Overall, these data represent the first measurements of the k-space structure of the superconducting energy gaps Δ_i(k) for any heavy fermion superconductor. They reveal a wealth of previously unknown information on the Δ_i(k) of CeCoIn₅, including: the complex Fermi surface of the hybridized heavy bands (Figs 3h,4k); the spectroscopic signature of four nodal lines in |Δ(k)| oriented along k = (±1,±1)π/a₀ or Ce–Ce directions^14,15,16,17; that the dominant Δ(k) opens on the α heavy band at high k (Fig. 4k); the unforeseen k-space locations of the dominant gap nodes that ensues (Fig. 4k); that the Bogoliubov QPI patterns are most consistent with $d_{x^2-y^2}$ gap symmetry; and evidence for a departure in Δ(k) from a simple cos(2θ_k) dependence at regions of the α band connected by q≈(±1,±1)π/a₀ (Fig. 4k,l).
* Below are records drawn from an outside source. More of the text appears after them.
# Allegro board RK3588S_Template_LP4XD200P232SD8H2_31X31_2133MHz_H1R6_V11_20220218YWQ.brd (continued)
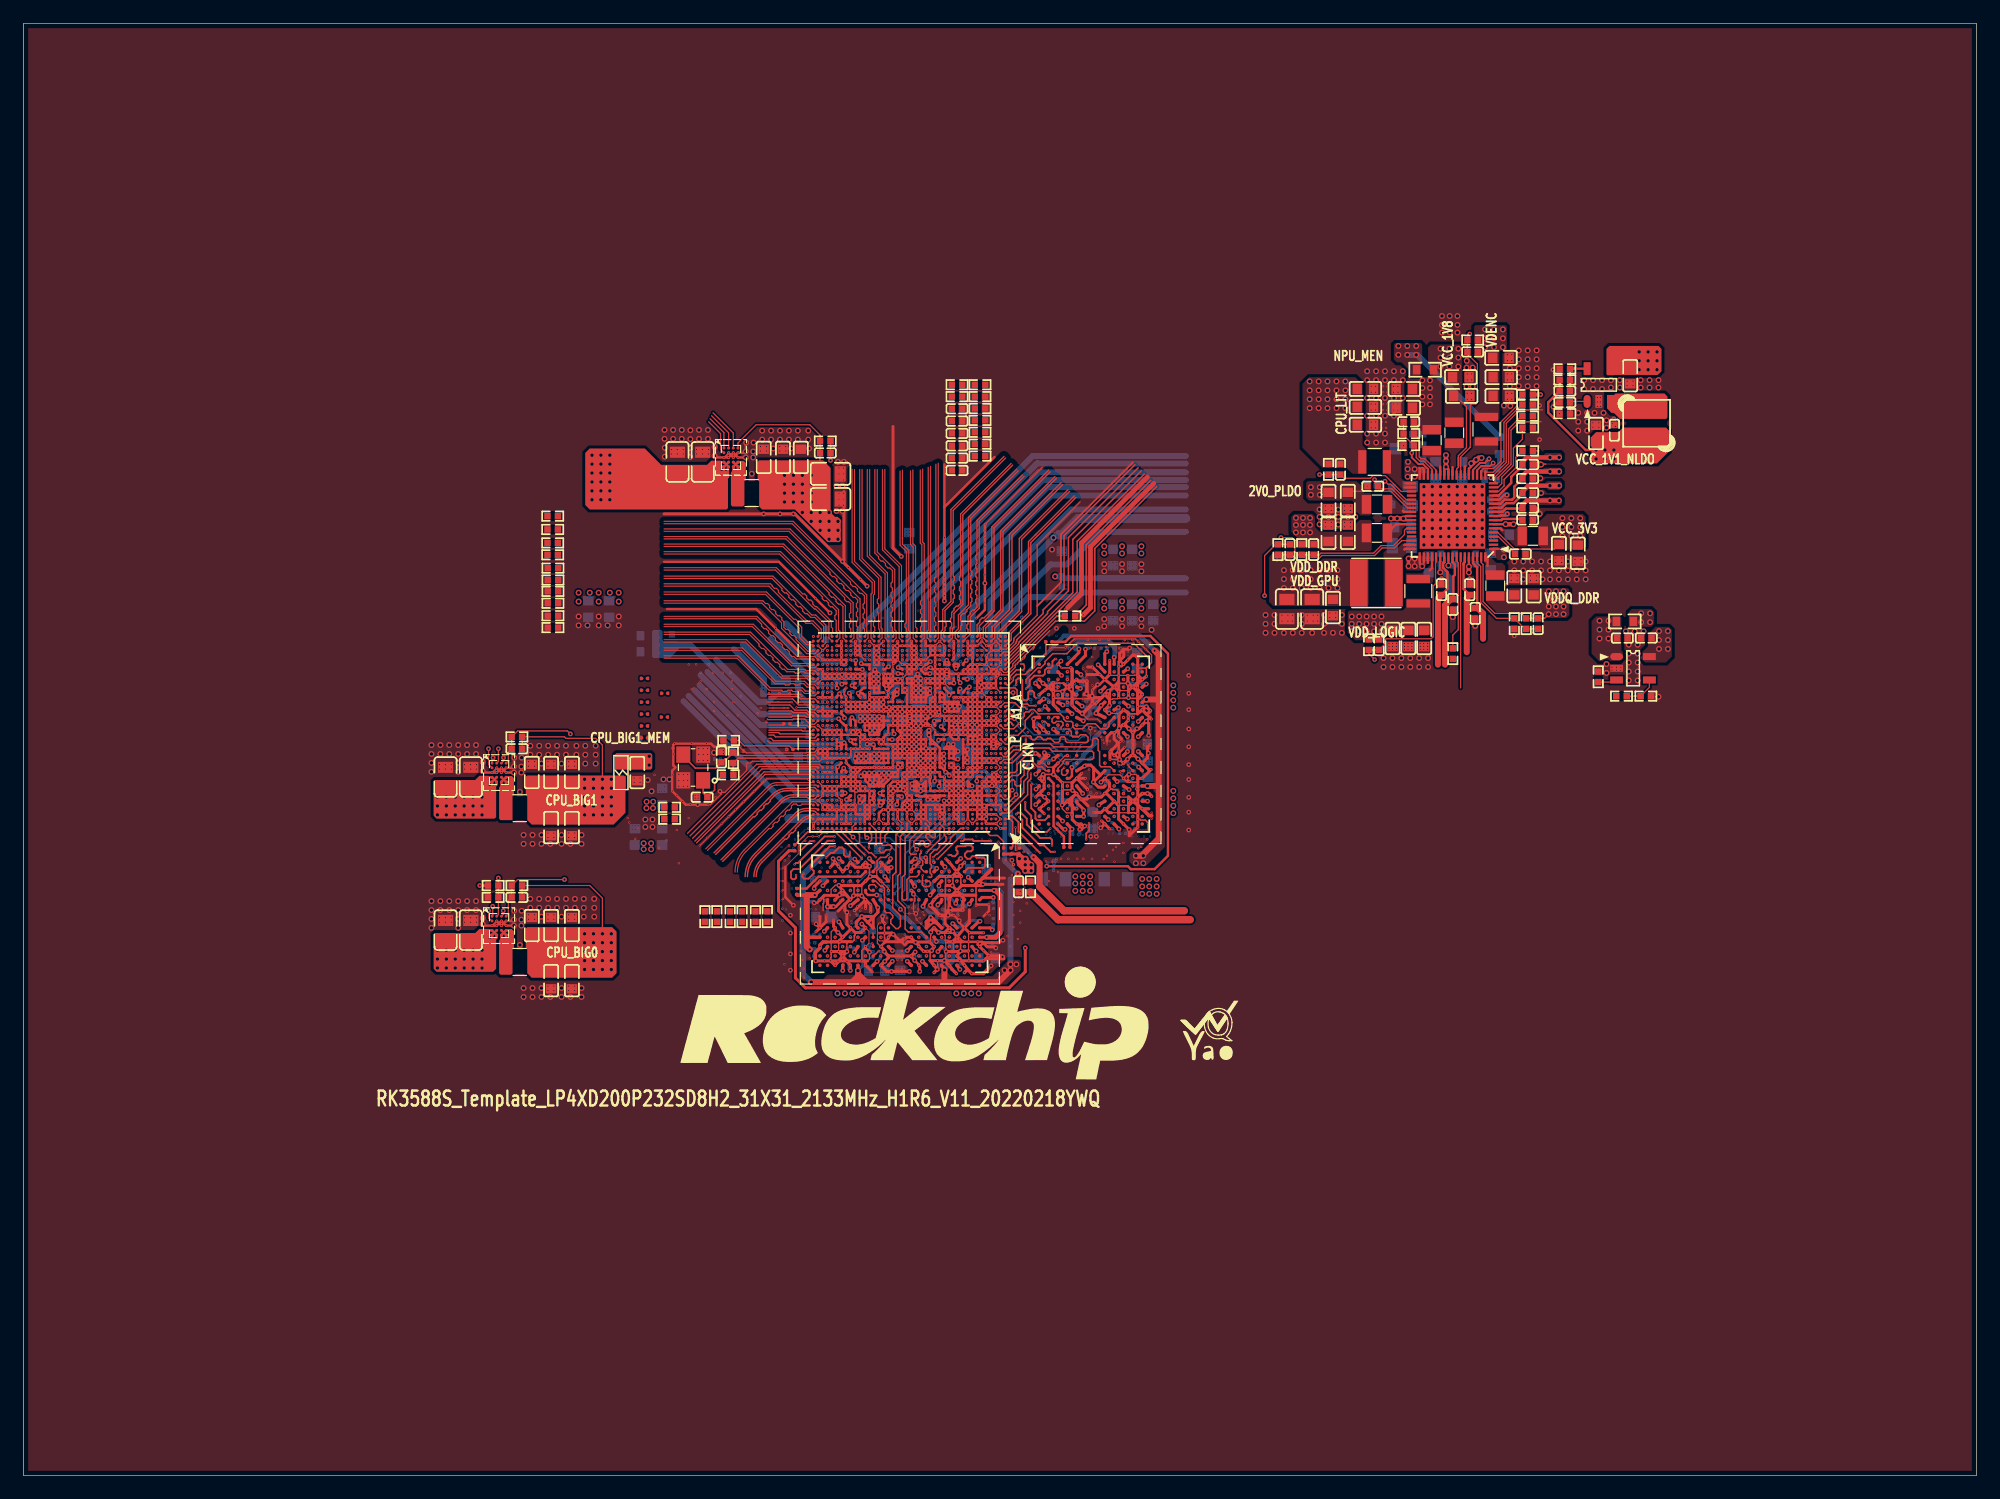
[diagram p0: board, top side]
## Routing (per net, layer and track width the routed paths; a pad name or vN(x,y) marks a point on that pad's centre or on a via; arc(x,y) is an arc through that point) (continued)
VCC1V8_PMU_DDR_S3: length 156.5
  TOP w0.203: v1(70.12,62.62) 69.78,62.62 v1(69.64,62.48) ; v1(70.12,62.62) 70.29,62.45 U1000.V35 ; v1(70.12,62.62) 69.89,62.38 69.89,62.23 ; U1000.N37 69.49,60.48 v1(69.57,60.55) 69.89,60.87 U1000.R36 ; v1(72.9,49.61) 72.16,49.61 71.95,49.81 U3801.T4 ; U1000.Y37 69.49,62.63 v1(69.64,62.48) ; 69.89,62.23 v1(69.64,62.48) ; 69.89,62.23 U1000.V36 ; v1(69.64,62.48) 69.49,62.33 U1000.V37 ; U3800.T4 89.38,59.57 89.58,59.78 v1(89.58,60.52)
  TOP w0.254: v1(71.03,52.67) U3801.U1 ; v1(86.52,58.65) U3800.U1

These detailed multi-band Δ_i(k) data provide information critical for determining the microscopic mechanism of unconventional superconductivity in CeCoIn₅. Moreover, the novel approach proposed in ref. 12, and established here, reveals an exciting new opportunity to achieve a quantitative understanding of the microscopic physics of heavy fermion superconductivity in general.

Methods

High-quality CeCoIn₅ single crystals were grown at BNL (details in ref. 13). Magnetization measurements before sample insertion into the STM show a sharp transition with T_c = 2.1 K. The samples were mechanically cleaved in cryogenic ultrahigh vacuum at T∼10 K and directly inserted into the STM head at 4.2 K. Etched atomically sharp and stable tungsten tips with an energy-independent density of states are used. Differential conductance measurements throughout used a standard lock-in amplifier. See Supplementary Information for additional details on data treatment and extraction.